Liuixalus calcarius
- Conservation status: Endangered (IUCN 3.1)

Scientific classification
- Kingdom: Animalia
- Phylum: Chordata
- Class: Amphibia
- Order: Anura
- Family: Rhacophoridae
- Genus: Liuixalus
- Species: L. calcarius
- Binomial name: Liuixalus calcarius Milto, Poyarkov, Orlov, and Nguyen, 2013
- Synonyms: Liuixalus catbaensis Nguyen, Matsui, and Yoshikawa, 2014; Romerus calcarius Dubois, Ohler, and Pyron, 2021;

= Liuixalus calcarius =

- Authority: Milto, Poyarkov, Orlov, and Nguyen, 2013
- Conservation status: EN
- Synonyms: Liuixalus catbaensis Nguyen, Matsui, and Yoshikawa, 2014, Romerus calcarius Dubois, Ohler, and Pyron, 2021

Species of frog

Liuixalus calcarius, the limestone small tree frog, is a species of frog in the family Rhacophoridae. It is endemic to Vietnam, where it was found in Hai Phong Province. It lives in tropical primary forest habitats rich in karst rock.

==Description==
The skin of the dorsum is red-brown in color with an X-shaped mark on the shoulder. This frog has disks on its toes for climbing. The pupil of the eye is horizontal.

==Etymology==
Scientists named this frog calcarius for the Latin language word for "limestone." The frog's habitat is rich in karst rock.

==Habitat==
This frog has been observed between 15 and 45 meters above sea level on Cat Ba Island. The frog has been found near pools of water in the karst rock and in small, temporary lakes that dry up for part of the year.

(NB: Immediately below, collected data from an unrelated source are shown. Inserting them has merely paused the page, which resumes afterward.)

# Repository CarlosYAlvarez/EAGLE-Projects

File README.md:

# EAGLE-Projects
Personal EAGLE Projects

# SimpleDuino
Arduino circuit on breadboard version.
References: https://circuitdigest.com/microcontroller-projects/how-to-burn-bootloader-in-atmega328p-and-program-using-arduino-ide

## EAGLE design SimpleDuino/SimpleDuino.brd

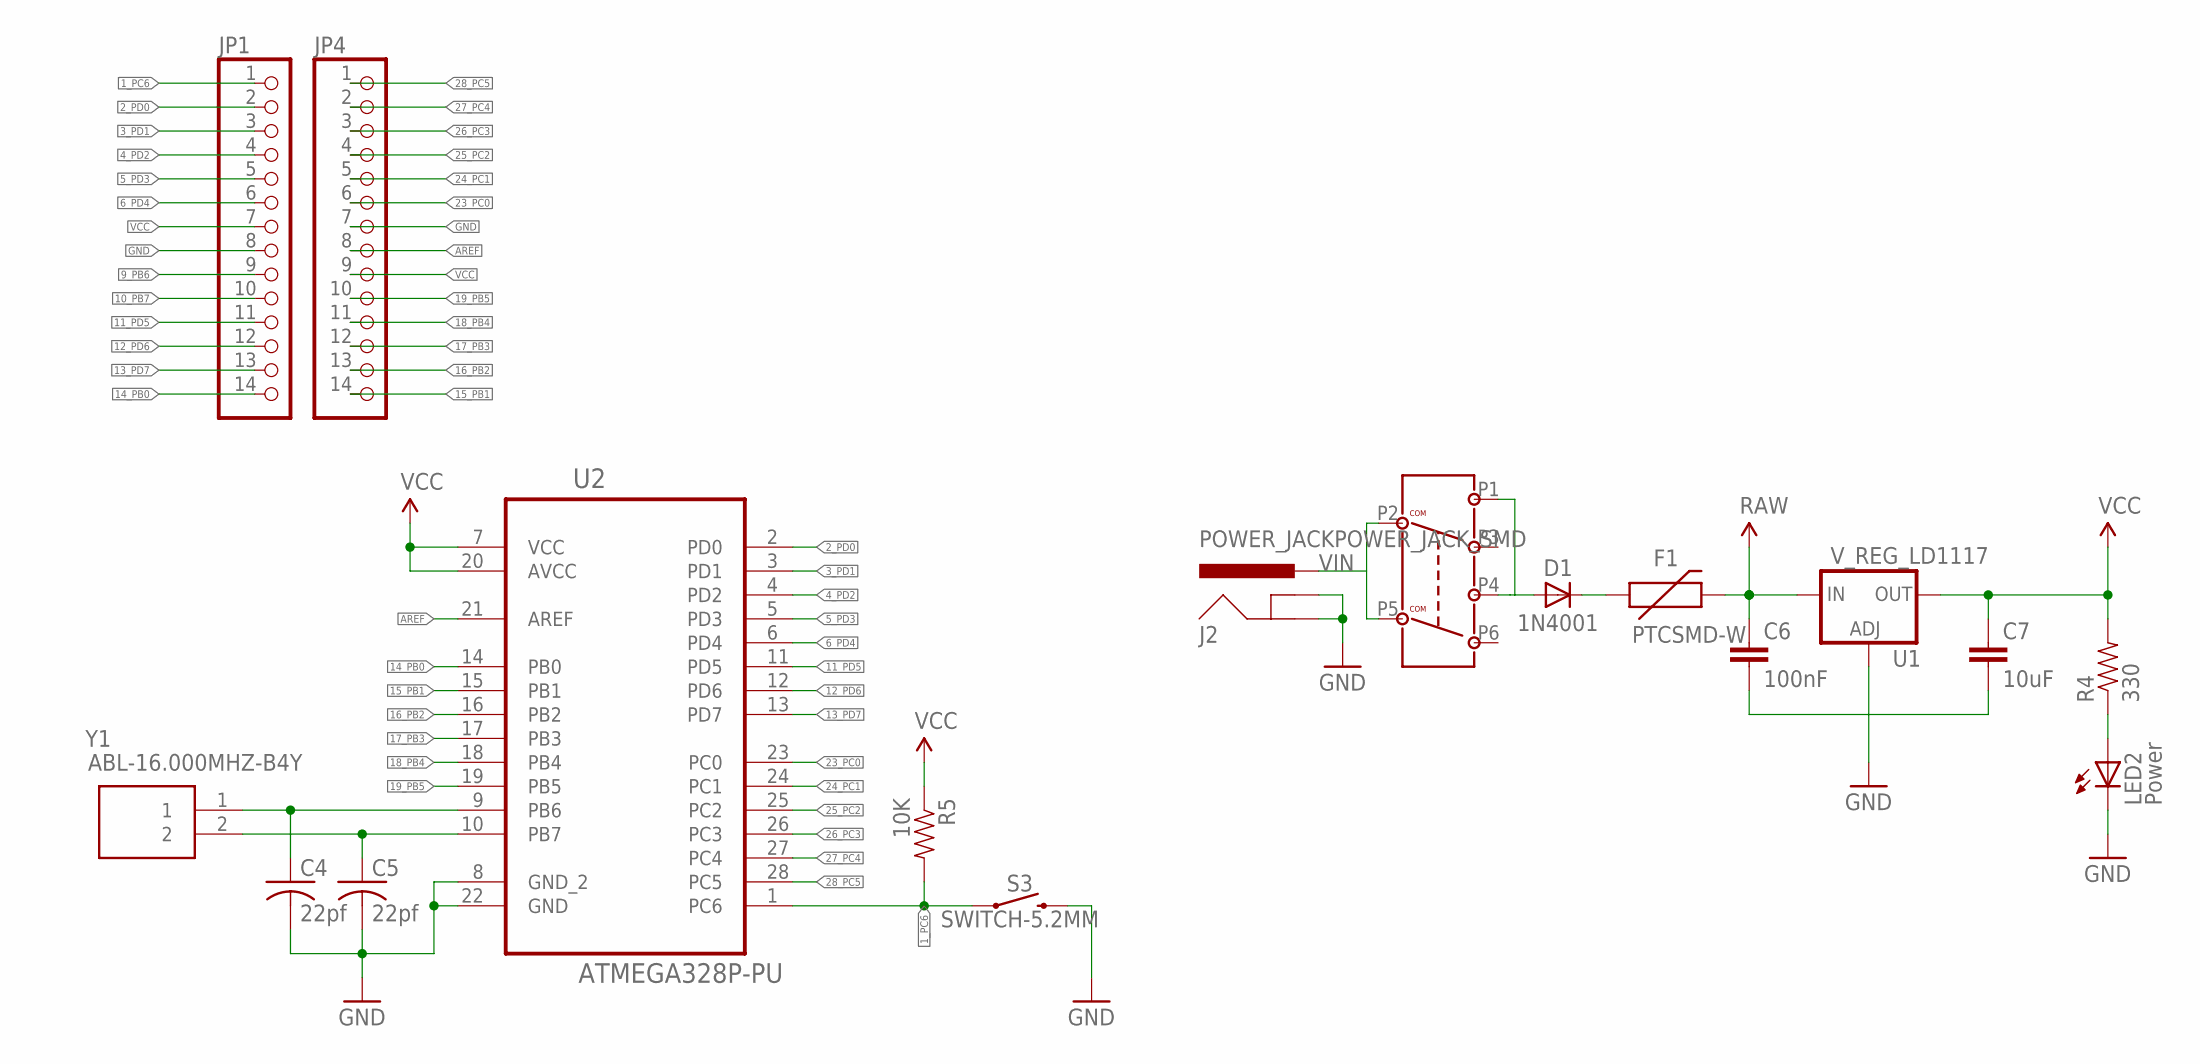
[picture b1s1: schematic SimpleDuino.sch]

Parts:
C4, C5: 22pf; C0805
C6: 100nF; 0603-CAP
C7: 10uF; 0603-CAP
D1: 1N4001; DO41-10
F1: PTCSMD-W; PTC-1206-WIDE
J2: POWER_JACKPOWER_JACK_SMD; POWER_JACK_SMD
JP1, JP4: PINHD-1X14; 1X14
LED2: Power; LED-1206
POWER_SWITCH: 6-PIN-SLIDE-SWITCH
R4: 330; 0603-RES
R5: 10K; 0603-RES
S3: SWITCH-5.2MM; TACTILE_SWITCH_SMD_5.2MM
U1: V_REG_LD1117; SOT223
U2: ATMEGA328P-PU; DIP254P762X457-28
Y1: ABL-16.000MHZ-B4Y; HC/49US_(AT49)PTH

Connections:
1_PC6: JP1.1, R5.2, S3.1, U2.1 (PC6)
2_PD0: JP1.2, U2.2 (PD0)
3_PD1: JP1.3, U2.3 (PD1)
4_PD2: JP1.4, U2.4 (PD2)
5_PD3: JP1.5, U2.5 (PD3)
6_PD4: JP1.6, U2.6 (PD4)
9_PB6: C4.1, JP1.9, U2.9 (PB6), Y1.1
10_PB7: C5.1, JP1.10, U2.10 (PB7), Y1.2
11_PD5: JP1.11, U2.11 (PD5)
12_PD6: JP1.12, U2.12 (PD6)
13_PD7: JP1.13, U2.13 (PD7)
14_PB0: JP1.14, U2.14 (PB0)
15_PB1: JP4.14, U2.15 (PB1)
16_PB2: JP4.13, U2.16 (PB2)
17_PB3: JP4.12, U2.17 (PB3)
18_PB4: JP4.11, U2.18 (PB4)
19_PB5: JP4.10, U2.19 (PB5)
23_PC0: JP4.6, U2.23 (PC0)
24_PC1: JP4.5, U2.24 (PC1)
25_PC2: JP4.4, U2.25 (PC2)
26_PC3: JP4.3, U2.26 (PC3)
27_PC4: JP4.2, U2.27 (PC4)
28_PC5: JP4.1, U2.28 (PC5)
AREF: JP4.8, U2.21 (AREF)
GND: C4.2, C5.2, C6.2, C7.2, J2.GND, J2.P$4 (GNDBREAK), JP1.8, JP4.7, LED2.C, S3.3 (2), U1.1 (ADJ), U2.8 (GND_2), U2.22 (GND)
unnamed: D1.C, F1.1
unnamed: LED2.A, R4.1
unnamed: D1.A, POWER_SWITCH.P1 (1), POWER_SWITCH.P4 (4)
RAW: C6.1, F1.2, U1.3 (IN)
VCC: C7.1, JP1.7, JP4.9, R4.2, R5.1, U1.2 (OUT), U2.7 (VCC), U2.20 (AVCC)
VIN: J2.VIN0 (PWR), POWER_SWITCH.P2 (2), POWER_SWITCH.P5 (5)

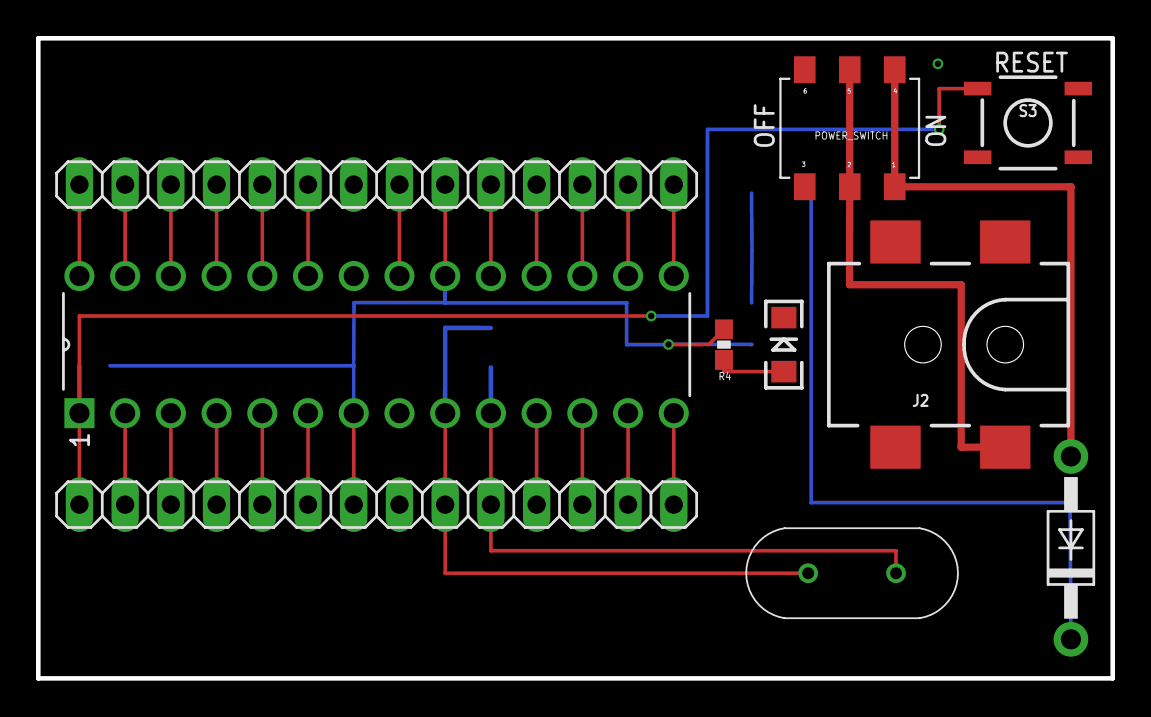
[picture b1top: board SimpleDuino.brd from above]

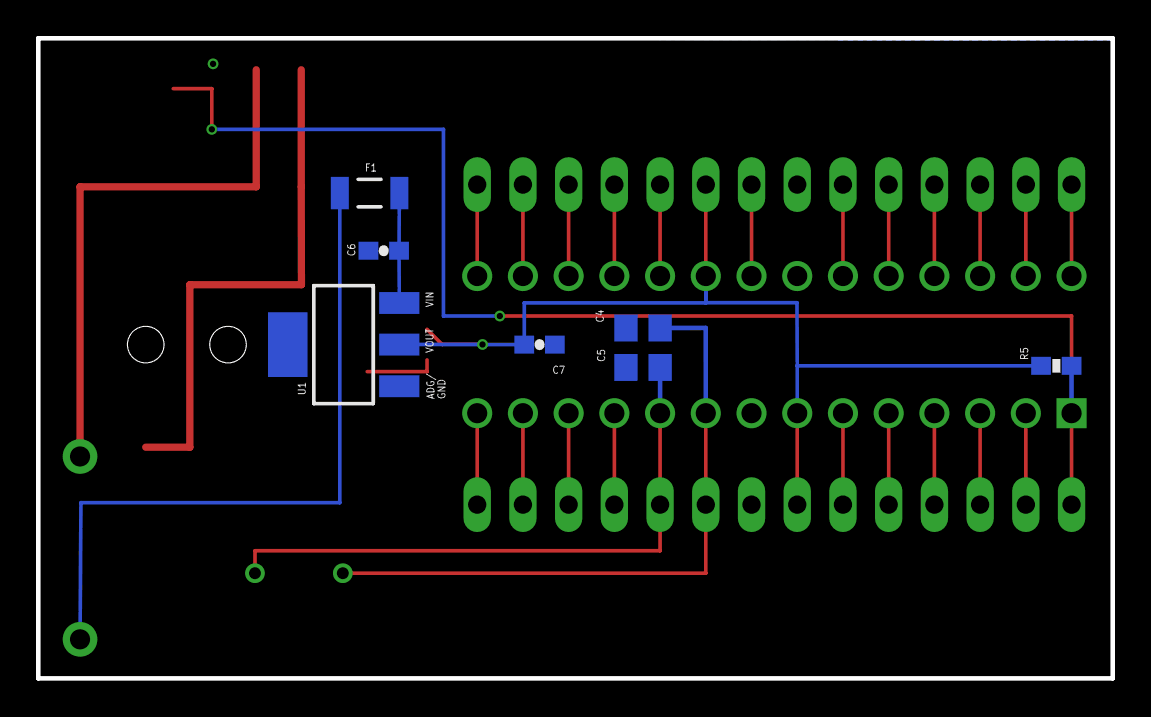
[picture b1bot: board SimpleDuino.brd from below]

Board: 2 copper layers, 59.7 x 35.6 mm, 17 parts (7 on the bottom side), 31 nets.

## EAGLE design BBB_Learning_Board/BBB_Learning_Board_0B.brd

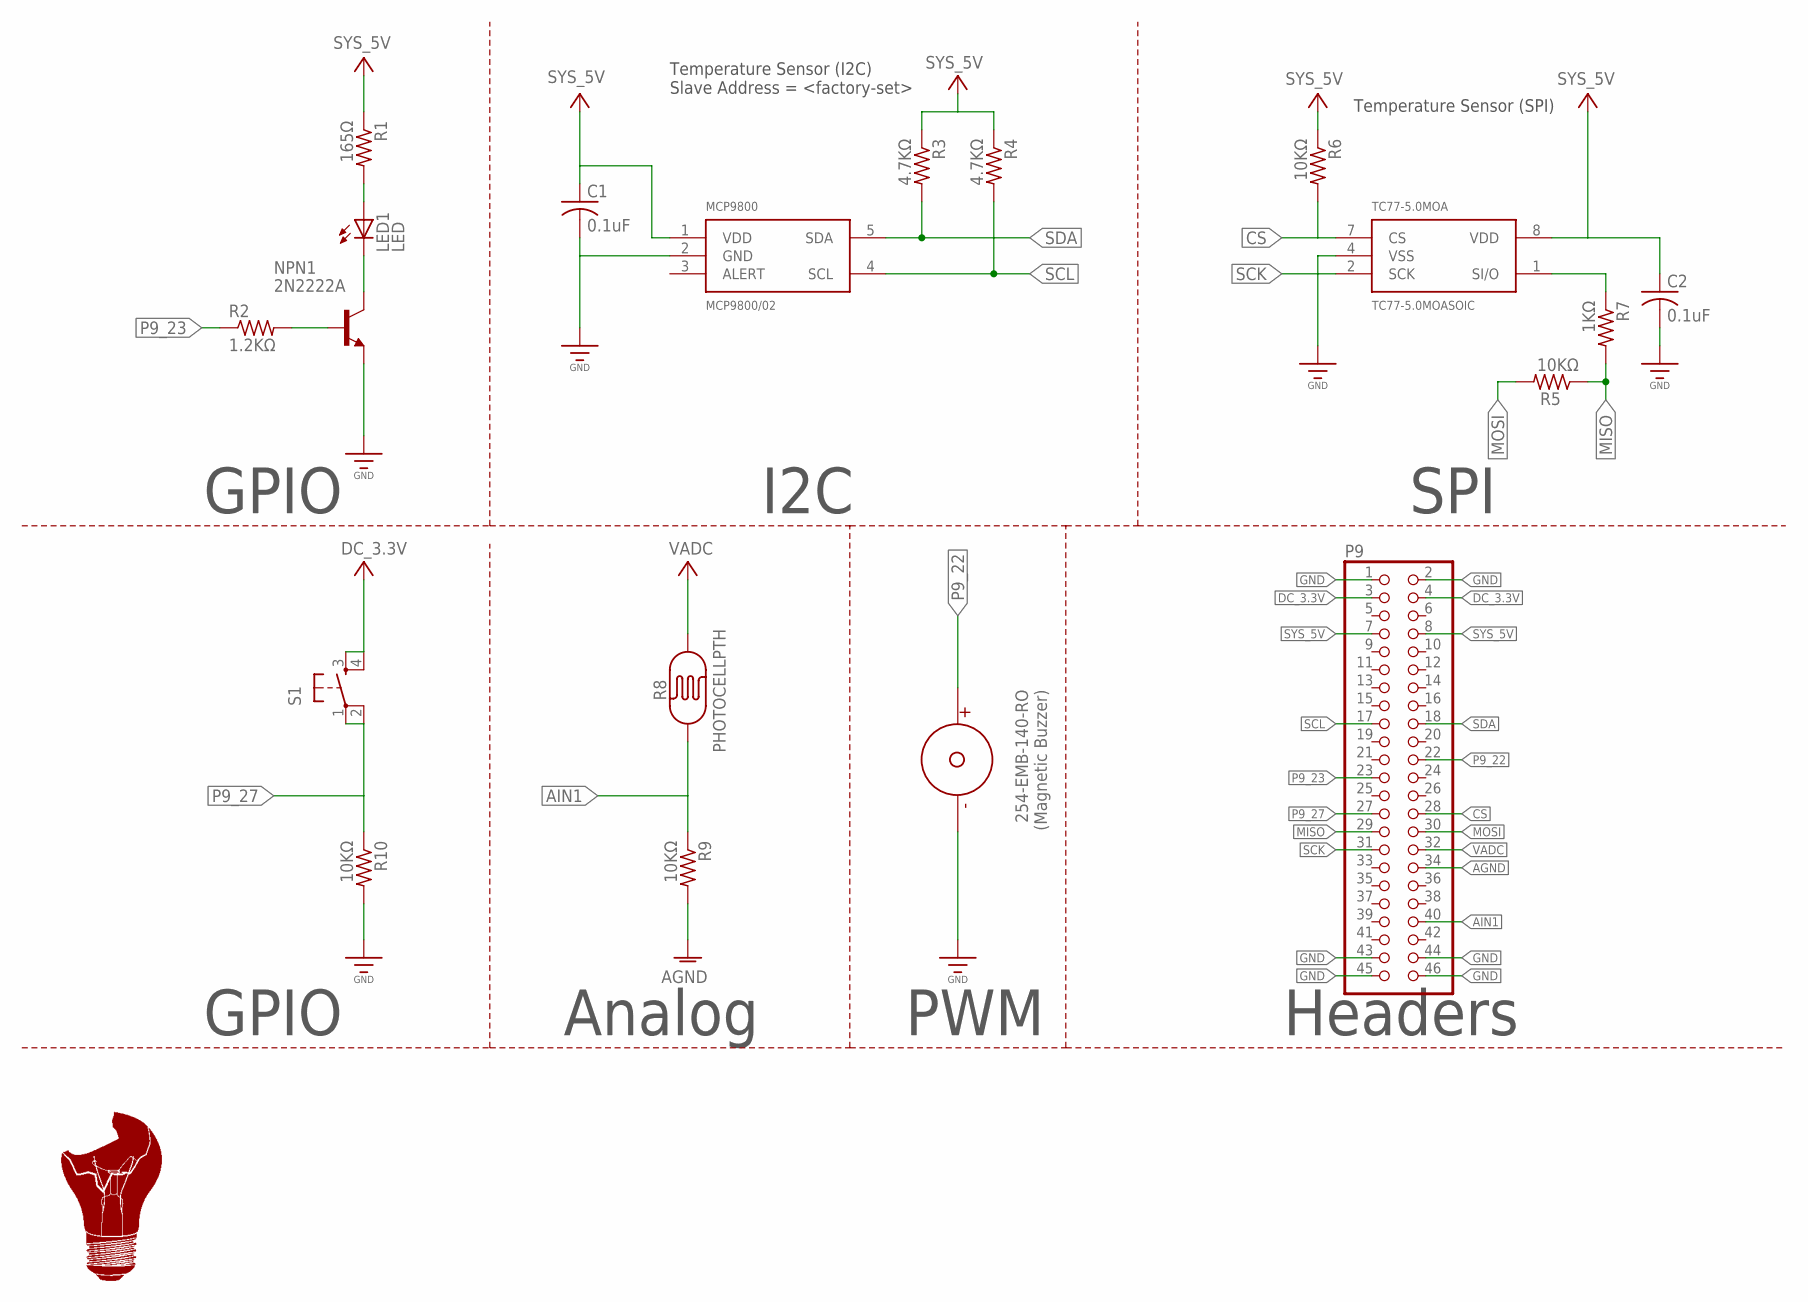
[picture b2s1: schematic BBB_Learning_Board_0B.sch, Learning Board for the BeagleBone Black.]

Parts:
C1, C2: 0.1uF; C0805
LED1: LED; LED5MM
MCP9800: MCP9800/02; SOT23-5
NPN1: 2N2222A; PINHD-1X3
P9: PINHD-2X23; 2X23
R1: 165Ω; R0805
R2: 1.2KΩ; R0805
R3, R4: 4.7KΩ; R0805
R5, R6, R9, R10: 10KΩ; R0805
R7: 1KΩ; R0805
R8: PHOTOCELLPTH; PHOTOCELL
S1: TAC_SWITCHPTH; TACTILE-PTH
TC77-5.0MOA: TC77-5.0MOASOIC; SOIC-8
U$6: 254-EMB-140-RO
U$7: LIGHTBULB_LOGOBOTTOM; LIGHTBULB_LOGO_BOTTOM-2_54CM2

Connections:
AGND: P9.34, R9.2
AIN1: P9.40, R8.1, R9.1
CS: P9.28, R6.2, TC77-5.0MOA.7 (CS)
DC_3.3V: P9.3, P9.4, S1.3, S1.4
GND: C1.2, C2.2, MCP9800.2 (GND), NPN1.1 (E), P9.1, P9.2, P9.43, P9.44, P9.45, P9.46, R10.2, TC77-5.0MOA.4 (VSS), U$6.NEGATIVE
MISO: P9.29, R5.1, R7.2
MOSI: P9.30, R5.2
unnamed: LED1.ANODE (A), R1.2
unnamed: NPN1.2 (B), R2.2
unnamed: LED1.CATHODE (C), NPN1.3 (C)
P9_22: P9.22, U$6.POSITIVE
P9_23: P9.23, R2.1
P9_27: P9.27, R10.1, S1.1, S1.2
SCK: P9.31, TC77-5.0MOA.2 (SCK)
SCL: MCP9800.4 (SCL), P9.17, R4.2
SDA: MCP9800.5 (SDA), P9.18, R3.2
SI/O: R7.1, TC77-5.0MOA.1 (SI/O)
SYS_5V: C1.1, C2.1, MCP9800.1 (VDD), P9.7, P9.8, R1.1, R3.1, R4.1, R6.1, TC77-5.0MOA.8 (VDD)
VADC: P9.32, R8.2

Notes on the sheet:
Temperature Sensor (I2C) Slave Address = <factory-set>
Temperature Sensor (SPI)
GPIO
I2C
SPI
Analog
PWM
Headers

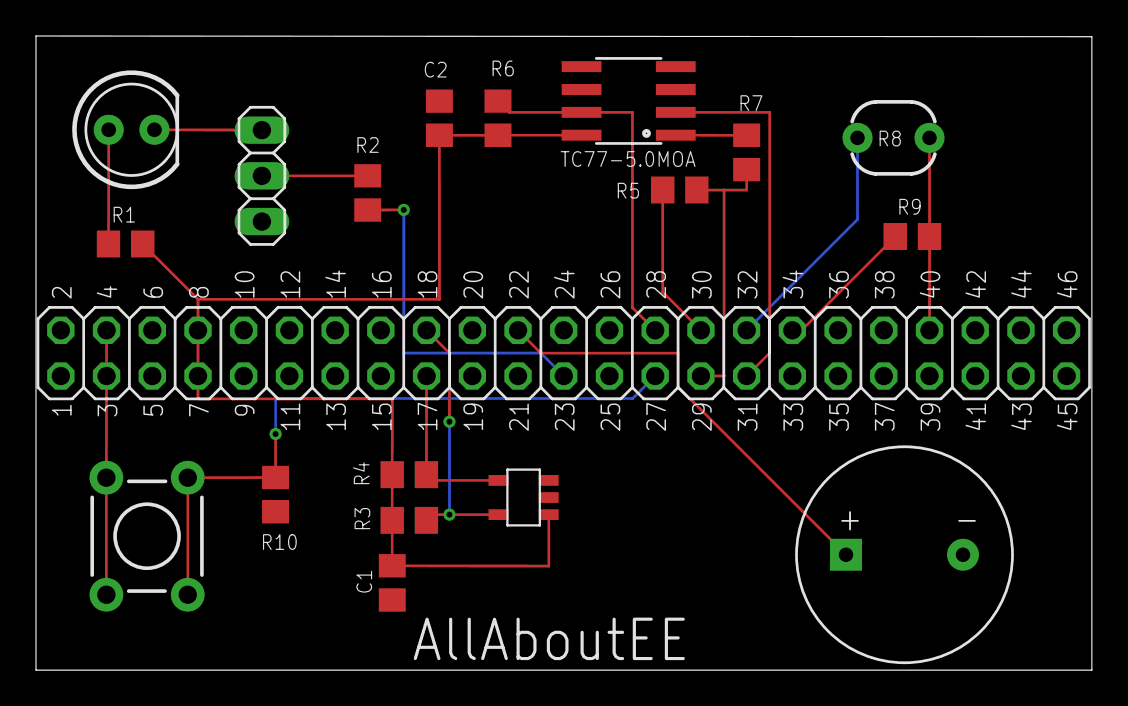
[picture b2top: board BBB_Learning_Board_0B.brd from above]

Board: 2 copper layers, 58.7 x 35.2 mm, 20 parts (0 on the bottom side), 19 nets.

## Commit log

2020-08-15 Version 1 of APA102 PCB.
2020-08-24 Updated design to use the 6-pin header autogenerated from Library.IO that includes a 3D package.
2020-08-24 Updated .gitignore to ignore *.s#* files.
2020-09-14 Updated to include devices containing 3D Objects for crystal and power jack.
2022-06-05 Moved BeagleBoneBlackLearningBoard files into new repo.
2022-06-05 Duplicated APA102_Arduino project to use as a base for Arduino bootloader circuit.
2022-06-05 Added description for: SimpleDuino project
2022-06-23 Included BOM for APA102
    "Headers & Wire Housings 6P 1ROW STRT SOCKET" can be ignored for this project.
2022-06-25 Controlled BOM for APA102 project.
2022-06-25 Renamed BOM for SimpleDuino.
2022-06-25 Replacing Mouser#:650-NANOSMD400LR-C-2 (Fuse) with 576-1206L400/12SLWR. Previous part no longer exists.
2022-06-25 Adde new part 621-AZ1117H-5.0TRG1 since original voltage regulator is not available.
2022-06-25 Added replacement for 16MHz Crystal.
2022-08-28 Added additional headers and restructured pcb layout.

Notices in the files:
parts and their libraries:
SparkFun-Sensors: Licensing: Creative Commons ShareAlike 4.0 International - https://creativecommons.org/licenses/by-sa/4.0
SparkFun-PowerIC: Licensing: CC v3.0 Share-Alike You are welcome to use this library for commercial purposes.

Cat Ba Island is in Cat Ba National Park, and scientists believe the frog's range to be larger than this place alone.

==Reproduction==
Scientists have heard the male frogs calling in April but know little else about this species' reproductive biology. They infer that it breeds through larval development, like its congeners.

==Threats==
The IUCN classifies this frog as endangered. Scientists believe it to be forest-dependent, which would make it threatened by deforestation associated with agriculture and logging.